- **Task**: A stretch of the entries below is to be set down exactly, running from the line with "#99=DIRECTION('',(-1.,0.,0.));" through the line with "#125=EDGE_CURVE('E175',#124,#124,#122,.F.);", both included, and no other line.

- **Extracted data**:
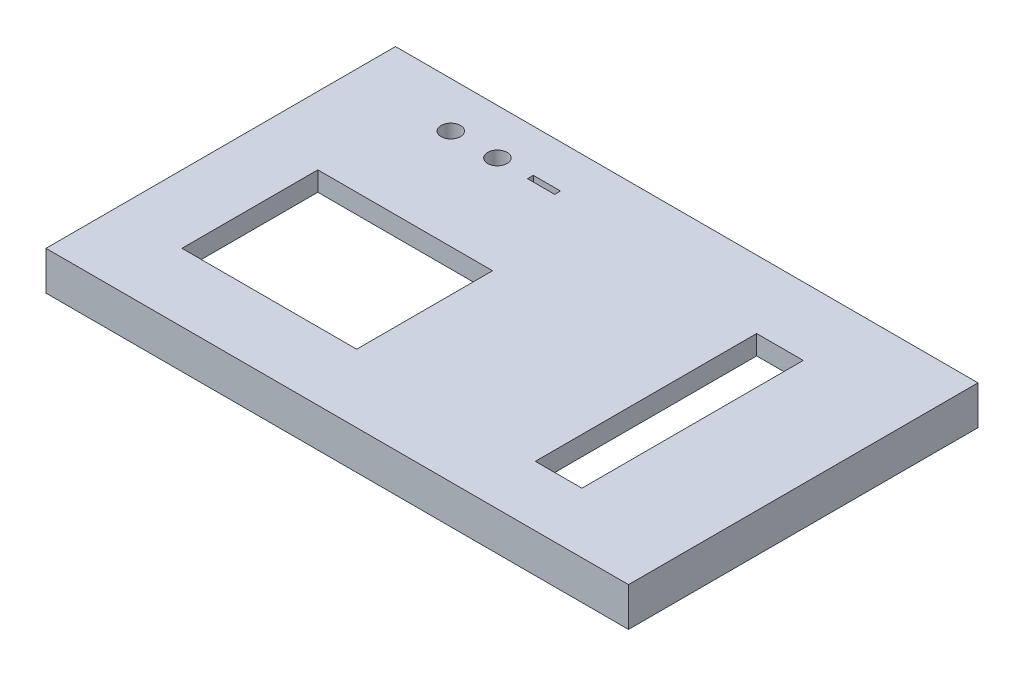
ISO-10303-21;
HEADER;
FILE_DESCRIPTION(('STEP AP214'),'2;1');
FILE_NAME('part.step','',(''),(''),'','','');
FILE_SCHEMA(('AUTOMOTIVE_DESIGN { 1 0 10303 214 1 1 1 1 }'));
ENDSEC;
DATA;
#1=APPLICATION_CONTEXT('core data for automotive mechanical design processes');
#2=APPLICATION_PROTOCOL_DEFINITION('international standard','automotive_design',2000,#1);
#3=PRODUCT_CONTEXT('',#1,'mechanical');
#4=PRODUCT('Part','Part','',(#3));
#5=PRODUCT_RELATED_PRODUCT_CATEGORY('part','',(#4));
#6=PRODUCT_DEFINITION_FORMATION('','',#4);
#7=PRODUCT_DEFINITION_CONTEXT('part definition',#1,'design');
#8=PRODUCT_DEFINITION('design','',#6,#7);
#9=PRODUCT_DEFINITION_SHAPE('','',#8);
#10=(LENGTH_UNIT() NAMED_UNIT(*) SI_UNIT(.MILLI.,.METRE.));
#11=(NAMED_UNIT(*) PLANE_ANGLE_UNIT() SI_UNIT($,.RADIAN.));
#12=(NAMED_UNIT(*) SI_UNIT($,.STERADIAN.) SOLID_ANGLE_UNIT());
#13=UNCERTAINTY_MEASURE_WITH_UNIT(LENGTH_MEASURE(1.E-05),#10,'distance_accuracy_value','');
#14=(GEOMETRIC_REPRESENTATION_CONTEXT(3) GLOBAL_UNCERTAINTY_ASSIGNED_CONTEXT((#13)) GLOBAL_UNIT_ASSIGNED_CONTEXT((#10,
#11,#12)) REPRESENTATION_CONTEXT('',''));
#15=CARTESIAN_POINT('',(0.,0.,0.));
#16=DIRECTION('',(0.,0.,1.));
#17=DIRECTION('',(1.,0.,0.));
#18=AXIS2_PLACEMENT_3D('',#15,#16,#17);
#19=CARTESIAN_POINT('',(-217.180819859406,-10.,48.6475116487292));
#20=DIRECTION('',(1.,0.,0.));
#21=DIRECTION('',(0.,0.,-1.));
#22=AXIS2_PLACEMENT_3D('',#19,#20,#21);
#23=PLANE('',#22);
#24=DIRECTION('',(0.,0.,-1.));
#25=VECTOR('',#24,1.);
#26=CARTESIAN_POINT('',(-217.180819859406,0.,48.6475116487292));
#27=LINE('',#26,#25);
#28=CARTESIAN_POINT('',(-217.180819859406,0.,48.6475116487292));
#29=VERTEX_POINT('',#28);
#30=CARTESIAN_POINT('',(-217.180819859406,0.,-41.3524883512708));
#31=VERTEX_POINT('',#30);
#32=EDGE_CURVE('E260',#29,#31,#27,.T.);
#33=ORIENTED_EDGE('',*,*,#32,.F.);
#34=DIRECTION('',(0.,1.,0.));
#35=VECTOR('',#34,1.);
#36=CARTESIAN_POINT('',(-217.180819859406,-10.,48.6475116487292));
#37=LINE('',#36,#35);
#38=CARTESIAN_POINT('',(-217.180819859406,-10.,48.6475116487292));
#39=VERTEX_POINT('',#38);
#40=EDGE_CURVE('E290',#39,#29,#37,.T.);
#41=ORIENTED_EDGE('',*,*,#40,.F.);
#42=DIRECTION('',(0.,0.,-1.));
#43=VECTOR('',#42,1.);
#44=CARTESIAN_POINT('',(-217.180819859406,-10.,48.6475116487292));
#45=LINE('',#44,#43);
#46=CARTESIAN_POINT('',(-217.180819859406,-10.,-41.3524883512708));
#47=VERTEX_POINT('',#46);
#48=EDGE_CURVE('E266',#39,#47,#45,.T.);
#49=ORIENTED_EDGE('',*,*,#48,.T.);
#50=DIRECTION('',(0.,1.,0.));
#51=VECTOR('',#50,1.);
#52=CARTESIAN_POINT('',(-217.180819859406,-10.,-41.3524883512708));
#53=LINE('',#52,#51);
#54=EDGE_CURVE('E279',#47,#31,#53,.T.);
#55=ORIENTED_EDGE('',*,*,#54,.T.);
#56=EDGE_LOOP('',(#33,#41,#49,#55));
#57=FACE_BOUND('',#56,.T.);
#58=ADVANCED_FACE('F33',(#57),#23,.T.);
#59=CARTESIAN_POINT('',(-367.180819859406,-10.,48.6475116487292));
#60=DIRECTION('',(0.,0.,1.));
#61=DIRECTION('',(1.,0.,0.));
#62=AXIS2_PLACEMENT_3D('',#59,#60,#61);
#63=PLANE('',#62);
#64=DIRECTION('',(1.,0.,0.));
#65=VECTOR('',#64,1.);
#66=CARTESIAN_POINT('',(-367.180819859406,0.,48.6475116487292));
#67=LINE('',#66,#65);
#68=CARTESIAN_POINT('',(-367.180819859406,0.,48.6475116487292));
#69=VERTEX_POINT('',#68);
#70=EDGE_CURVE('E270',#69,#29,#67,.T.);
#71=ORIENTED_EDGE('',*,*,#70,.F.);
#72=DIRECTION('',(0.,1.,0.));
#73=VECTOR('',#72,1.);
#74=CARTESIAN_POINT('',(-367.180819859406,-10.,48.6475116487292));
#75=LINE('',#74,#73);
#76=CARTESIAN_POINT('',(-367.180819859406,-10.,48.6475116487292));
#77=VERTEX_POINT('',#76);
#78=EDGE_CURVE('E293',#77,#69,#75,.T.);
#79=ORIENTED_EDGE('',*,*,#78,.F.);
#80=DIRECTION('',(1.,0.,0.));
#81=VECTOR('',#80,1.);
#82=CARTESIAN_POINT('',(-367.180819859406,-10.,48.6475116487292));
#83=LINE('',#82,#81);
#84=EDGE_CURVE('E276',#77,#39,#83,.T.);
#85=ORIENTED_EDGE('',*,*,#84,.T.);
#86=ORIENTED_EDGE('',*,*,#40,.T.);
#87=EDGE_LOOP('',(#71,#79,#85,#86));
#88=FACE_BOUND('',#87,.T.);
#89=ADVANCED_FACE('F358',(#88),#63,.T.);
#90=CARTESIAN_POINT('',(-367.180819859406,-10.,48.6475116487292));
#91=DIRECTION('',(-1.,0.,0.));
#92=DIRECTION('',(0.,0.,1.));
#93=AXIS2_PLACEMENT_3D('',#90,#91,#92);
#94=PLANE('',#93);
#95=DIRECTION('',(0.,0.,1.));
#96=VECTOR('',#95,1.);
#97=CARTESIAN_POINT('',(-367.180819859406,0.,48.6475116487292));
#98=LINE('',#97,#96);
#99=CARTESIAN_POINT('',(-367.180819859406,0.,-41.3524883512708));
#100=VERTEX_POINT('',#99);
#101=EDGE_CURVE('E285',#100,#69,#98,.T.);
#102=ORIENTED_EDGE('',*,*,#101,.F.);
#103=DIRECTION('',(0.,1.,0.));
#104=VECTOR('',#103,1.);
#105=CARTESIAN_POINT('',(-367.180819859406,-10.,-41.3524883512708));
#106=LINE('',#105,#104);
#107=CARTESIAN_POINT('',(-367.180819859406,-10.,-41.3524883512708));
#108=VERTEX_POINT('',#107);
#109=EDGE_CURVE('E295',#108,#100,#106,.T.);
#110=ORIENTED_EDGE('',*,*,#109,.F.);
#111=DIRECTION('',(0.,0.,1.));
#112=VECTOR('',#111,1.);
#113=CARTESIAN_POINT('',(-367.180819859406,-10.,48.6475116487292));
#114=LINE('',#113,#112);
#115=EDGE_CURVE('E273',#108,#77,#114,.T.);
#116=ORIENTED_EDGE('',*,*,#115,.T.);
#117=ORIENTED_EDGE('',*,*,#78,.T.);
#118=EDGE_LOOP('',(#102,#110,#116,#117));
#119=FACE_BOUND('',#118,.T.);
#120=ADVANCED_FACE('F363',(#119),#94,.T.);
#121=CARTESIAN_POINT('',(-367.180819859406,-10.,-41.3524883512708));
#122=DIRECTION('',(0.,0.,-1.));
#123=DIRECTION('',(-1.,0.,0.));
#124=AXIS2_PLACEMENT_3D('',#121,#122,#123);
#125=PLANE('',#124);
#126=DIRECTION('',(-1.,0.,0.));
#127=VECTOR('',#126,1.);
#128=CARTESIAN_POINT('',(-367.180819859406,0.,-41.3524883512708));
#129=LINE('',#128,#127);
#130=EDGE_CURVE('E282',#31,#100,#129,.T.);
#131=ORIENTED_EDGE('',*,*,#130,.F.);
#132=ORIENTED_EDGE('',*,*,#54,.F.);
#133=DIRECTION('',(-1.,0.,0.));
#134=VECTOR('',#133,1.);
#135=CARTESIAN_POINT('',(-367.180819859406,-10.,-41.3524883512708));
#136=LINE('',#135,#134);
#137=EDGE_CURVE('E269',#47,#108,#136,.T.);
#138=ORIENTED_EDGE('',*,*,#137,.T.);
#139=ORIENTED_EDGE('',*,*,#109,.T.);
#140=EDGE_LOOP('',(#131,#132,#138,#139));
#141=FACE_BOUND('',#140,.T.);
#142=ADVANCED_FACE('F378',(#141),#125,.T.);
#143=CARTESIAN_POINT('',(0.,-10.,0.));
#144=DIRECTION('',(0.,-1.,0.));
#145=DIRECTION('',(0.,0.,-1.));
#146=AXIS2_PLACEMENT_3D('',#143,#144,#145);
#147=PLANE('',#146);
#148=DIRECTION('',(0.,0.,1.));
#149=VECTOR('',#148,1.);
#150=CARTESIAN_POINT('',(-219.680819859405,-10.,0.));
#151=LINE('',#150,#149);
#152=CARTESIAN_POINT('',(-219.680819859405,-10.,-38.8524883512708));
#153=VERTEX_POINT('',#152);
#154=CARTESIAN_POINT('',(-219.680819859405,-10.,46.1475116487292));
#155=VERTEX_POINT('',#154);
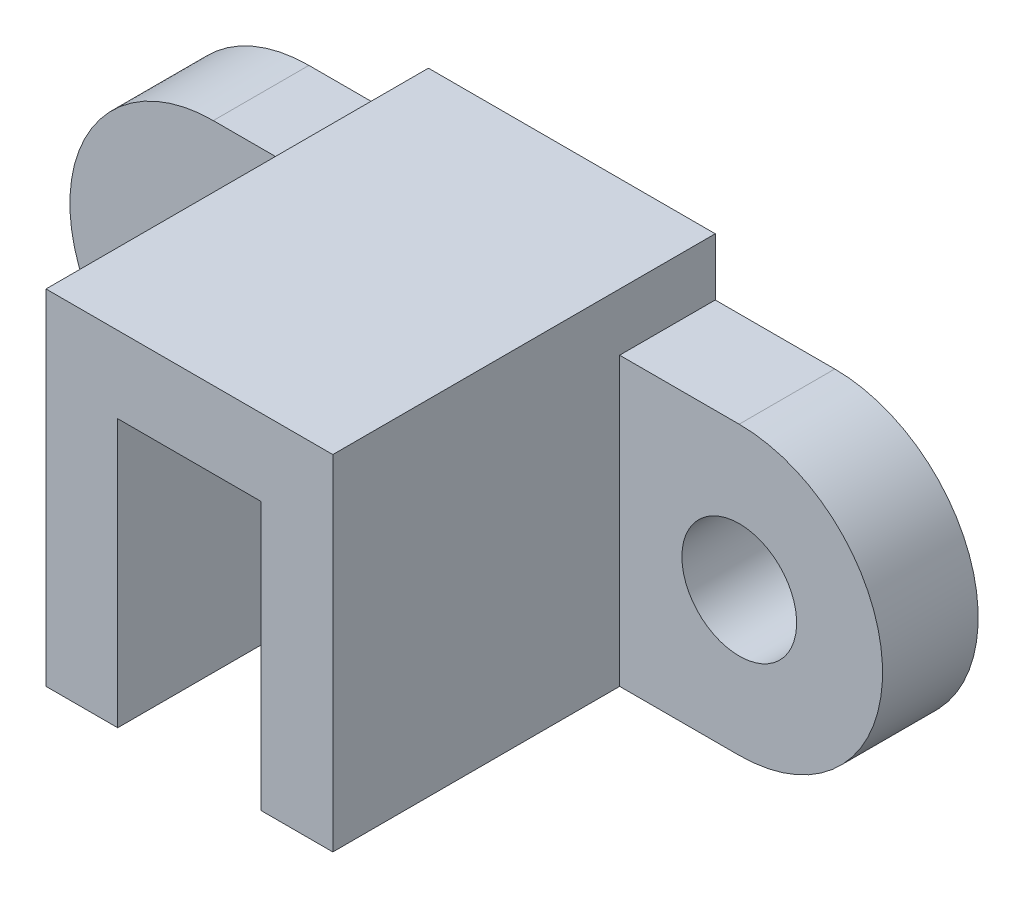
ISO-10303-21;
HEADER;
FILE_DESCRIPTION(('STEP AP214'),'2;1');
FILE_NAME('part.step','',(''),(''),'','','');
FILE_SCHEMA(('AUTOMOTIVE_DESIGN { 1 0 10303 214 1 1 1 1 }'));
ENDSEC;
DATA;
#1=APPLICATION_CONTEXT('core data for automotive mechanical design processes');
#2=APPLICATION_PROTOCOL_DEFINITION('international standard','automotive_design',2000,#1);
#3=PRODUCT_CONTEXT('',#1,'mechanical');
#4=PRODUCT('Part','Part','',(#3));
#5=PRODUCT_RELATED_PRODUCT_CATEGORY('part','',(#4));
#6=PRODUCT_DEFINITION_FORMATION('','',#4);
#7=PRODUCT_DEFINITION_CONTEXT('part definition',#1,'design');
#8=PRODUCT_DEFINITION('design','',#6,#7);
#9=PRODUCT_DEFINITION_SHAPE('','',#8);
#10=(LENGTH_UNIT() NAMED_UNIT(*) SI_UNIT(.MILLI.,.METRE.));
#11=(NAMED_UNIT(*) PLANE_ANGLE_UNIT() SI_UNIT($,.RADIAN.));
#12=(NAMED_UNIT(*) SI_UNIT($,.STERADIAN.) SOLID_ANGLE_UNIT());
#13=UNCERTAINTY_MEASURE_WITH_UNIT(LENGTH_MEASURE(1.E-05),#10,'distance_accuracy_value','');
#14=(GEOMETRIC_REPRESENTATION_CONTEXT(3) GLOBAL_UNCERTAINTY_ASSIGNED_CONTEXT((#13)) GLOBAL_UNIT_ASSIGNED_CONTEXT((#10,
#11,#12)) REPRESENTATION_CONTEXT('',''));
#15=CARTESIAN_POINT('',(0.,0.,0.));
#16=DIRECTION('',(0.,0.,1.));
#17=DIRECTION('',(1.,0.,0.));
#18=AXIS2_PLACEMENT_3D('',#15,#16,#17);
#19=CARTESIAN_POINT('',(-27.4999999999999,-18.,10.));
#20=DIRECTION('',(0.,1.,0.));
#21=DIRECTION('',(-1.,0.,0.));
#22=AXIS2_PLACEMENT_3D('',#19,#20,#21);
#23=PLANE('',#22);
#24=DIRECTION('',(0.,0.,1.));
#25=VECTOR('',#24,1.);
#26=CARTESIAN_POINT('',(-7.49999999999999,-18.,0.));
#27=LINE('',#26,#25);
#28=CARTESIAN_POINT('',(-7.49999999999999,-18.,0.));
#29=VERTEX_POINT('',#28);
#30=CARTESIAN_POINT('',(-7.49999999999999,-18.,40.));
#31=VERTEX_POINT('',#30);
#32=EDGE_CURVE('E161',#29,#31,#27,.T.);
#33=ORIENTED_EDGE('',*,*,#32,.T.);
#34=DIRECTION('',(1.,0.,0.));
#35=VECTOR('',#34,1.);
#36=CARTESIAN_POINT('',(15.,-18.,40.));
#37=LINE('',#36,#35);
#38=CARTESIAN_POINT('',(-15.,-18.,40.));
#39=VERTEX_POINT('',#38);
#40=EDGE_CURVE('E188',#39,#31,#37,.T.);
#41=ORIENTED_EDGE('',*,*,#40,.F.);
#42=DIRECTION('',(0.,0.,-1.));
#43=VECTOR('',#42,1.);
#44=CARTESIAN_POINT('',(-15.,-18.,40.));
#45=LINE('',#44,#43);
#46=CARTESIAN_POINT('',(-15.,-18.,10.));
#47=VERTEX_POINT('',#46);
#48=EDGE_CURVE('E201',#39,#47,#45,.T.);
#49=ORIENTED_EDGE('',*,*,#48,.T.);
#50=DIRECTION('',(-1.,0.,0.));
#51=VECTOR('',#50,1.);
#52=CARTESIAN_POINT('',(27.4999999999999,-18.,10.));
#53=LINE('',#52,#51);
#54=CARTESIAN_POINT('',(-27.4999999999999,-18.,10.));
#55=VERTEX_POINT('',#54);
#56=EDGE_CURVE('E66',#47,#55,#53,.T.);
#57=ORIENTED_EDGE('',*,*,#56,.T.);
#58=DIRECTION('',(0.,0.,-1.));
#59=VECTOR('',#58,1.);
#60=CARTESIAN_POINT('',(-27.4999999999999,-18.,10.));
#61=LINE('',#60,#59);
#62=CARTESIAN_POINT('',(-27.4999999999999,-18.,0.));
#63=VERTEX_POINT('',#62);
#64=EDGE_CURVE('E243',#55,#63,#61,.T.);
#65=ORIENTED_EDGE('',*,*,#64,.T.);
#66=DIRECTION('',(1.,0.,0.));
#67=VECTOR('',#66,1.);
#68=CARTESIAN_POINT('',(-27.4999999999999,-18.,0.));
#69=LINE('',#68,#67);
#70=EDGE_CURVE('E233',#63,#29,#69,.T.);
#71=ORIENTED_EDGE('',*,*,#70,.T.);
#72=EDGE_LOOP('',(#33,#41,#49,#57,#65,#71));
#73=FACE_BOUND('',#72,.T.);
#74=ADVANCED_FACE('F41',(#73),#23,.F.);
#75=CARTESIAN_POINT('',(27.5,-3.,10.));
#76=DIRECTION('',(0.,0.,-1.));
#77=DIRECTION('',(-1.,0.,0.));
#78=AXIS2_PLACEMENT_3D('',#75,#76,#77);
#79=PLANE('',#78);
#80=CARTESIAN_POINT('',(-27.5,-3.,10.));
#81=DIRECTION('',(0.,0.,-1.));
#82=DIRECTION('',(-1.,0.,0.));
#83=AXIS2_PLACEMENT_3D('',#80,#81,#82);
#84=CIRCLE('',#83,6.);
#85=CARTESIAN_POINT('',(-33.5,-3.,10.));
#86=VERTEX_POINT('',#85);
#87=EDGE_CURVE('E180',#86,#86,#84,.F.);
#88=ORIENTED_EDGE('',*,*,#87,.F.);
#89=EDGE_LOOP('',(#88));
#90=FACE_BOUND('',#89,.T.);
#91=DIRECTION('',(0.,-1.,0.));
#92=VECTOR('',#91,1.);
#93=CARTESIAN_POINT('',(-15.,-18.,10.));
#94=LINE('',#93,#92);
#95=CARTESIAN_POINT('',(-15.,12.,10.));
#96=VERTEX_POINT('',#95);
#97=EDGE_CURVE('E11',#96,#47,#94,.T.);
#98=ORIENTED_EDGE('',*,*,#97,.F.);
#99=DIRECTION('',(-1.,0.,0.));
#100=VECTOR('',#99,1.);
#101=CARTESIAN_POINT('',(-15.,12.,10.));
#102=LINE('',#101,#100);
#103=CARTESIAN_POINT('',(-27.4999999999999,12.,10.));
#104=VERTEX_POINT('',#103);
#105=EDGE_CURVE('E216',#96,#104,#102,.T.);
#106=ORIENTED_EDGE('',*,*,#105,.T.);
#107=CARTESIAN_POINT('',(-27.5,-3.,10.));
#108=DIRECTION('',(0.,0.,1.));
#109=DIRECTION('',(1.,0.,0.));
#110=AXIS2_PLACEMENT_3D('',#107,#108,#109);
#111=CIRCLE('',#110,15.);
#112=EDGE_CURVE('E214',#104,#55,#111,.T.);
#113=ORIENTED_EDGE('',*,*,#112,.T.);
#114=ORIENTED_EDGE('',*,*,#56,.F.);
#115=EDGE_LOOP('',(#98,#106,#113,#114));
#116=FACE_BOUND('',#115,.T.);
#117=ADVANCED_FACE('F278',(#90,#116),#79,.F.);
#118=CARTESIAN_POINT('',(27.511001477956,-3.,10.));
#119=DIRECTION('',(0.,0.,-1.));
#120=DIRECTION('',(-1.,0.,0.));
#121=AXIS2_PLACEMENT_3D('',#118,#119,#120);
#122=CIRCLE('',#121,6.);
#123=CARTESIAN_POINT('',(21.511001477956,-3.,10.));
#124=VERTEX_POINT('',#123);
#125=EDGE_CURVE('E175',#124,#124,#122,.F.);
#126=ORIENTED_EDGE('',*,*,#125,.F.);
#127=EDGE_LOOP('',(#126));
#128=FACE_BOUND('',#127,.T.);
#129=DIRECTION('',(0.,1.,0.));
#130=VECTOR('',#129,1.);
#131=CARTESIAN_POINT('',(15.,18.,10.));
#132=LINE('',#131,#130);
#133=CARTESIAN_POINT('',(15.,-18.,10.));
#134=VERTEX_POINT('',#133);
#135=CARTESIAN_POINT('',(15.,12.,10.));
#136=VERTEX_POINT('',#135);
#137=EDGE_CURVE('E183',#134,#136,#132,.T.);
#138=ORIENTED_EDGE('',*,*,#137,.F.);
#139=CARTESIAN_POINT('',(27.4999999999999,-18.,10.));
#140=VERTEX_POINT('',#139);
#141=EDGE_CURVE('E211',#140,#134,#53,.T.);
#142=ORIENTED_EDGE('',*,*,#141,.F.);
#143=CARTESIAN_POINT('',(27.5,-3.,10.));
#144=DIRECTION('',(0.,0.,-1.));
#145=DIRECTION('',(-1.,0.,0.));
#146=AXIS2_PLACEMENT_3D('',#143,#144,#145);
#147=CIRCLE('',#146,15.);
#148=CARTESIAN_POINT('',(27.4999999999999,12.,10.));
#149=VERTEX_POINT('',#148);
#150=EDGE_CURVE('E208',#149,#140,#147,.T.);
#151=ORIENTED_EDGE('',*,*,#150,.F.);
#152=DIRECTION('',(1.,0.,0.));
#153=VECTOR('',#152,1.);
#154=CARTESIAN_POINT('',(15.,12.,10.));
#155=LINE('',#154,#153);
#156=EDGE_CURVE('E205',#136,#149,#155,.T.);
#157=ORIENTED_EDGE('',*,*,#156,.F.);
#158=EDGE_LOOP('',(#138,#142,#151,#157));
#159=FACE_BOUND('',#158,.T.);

- **Output below**:
#99=DIRECTION('',(-1.,0.,0.));
#100=VECTOR('',#99,1.);
#101=CARTESIAN_POINT('',(-15.,12.,10.));
#102=LINE('',#101,#100);
#103=CARTESIAN_POINT('',(-27.4999999999999,12.,10.));
#104=VERTEX_POINT('',#103);
#105=EDGE_CURVE('E216',#96,#104,#102,.T.);
#106=ORIENTED_EDGE('',*,*,#105,.T.);
#107=CARTESIAN_POINT('',(-27.5,-3.,10.));
#108=DIRECTION('',(0.,0.,1.));
#109=DIRECTION('',(1.,0.,0.));
#110=AXIS2_PLACEMENT_3D('',#107,#108,#109);
#111=CIRCLE('',#110,15.);
#112=EDGE_CURVE('E214',#104,#55,#111,.T.);
#113=ORIENTED_EDGE('',*,*,#112,.T.);
#114=ORIENTED_EDGE('',*,*,#56,.F.);
#115=EDGE_LOOP('',(#98,#106,#113,#114));
#116=FACE_BOUND('',#115,.T.);
#117=ADVANCED_FACE('F278',(#90,#116),#79,.F.);
#118=CARTESIAN_POINT('',(27.511001477956,-3.,10.));
#119=DIRECTION('',(0.,0.,-1.));
#120=DIRECTION('',(-1.,0.,0.));
#121=AXIS2_PLACEMENT_3D('',#118,#119,#120);
#122=CIRCLE('',#121,6.);
#123=CARTESIAN_POINT('',(21.511001477956,-3.,10.));
#124=VERTEX_POINT('',#123);
#125=EDGE_CURVE('E175',#124,#124,#122,.F.);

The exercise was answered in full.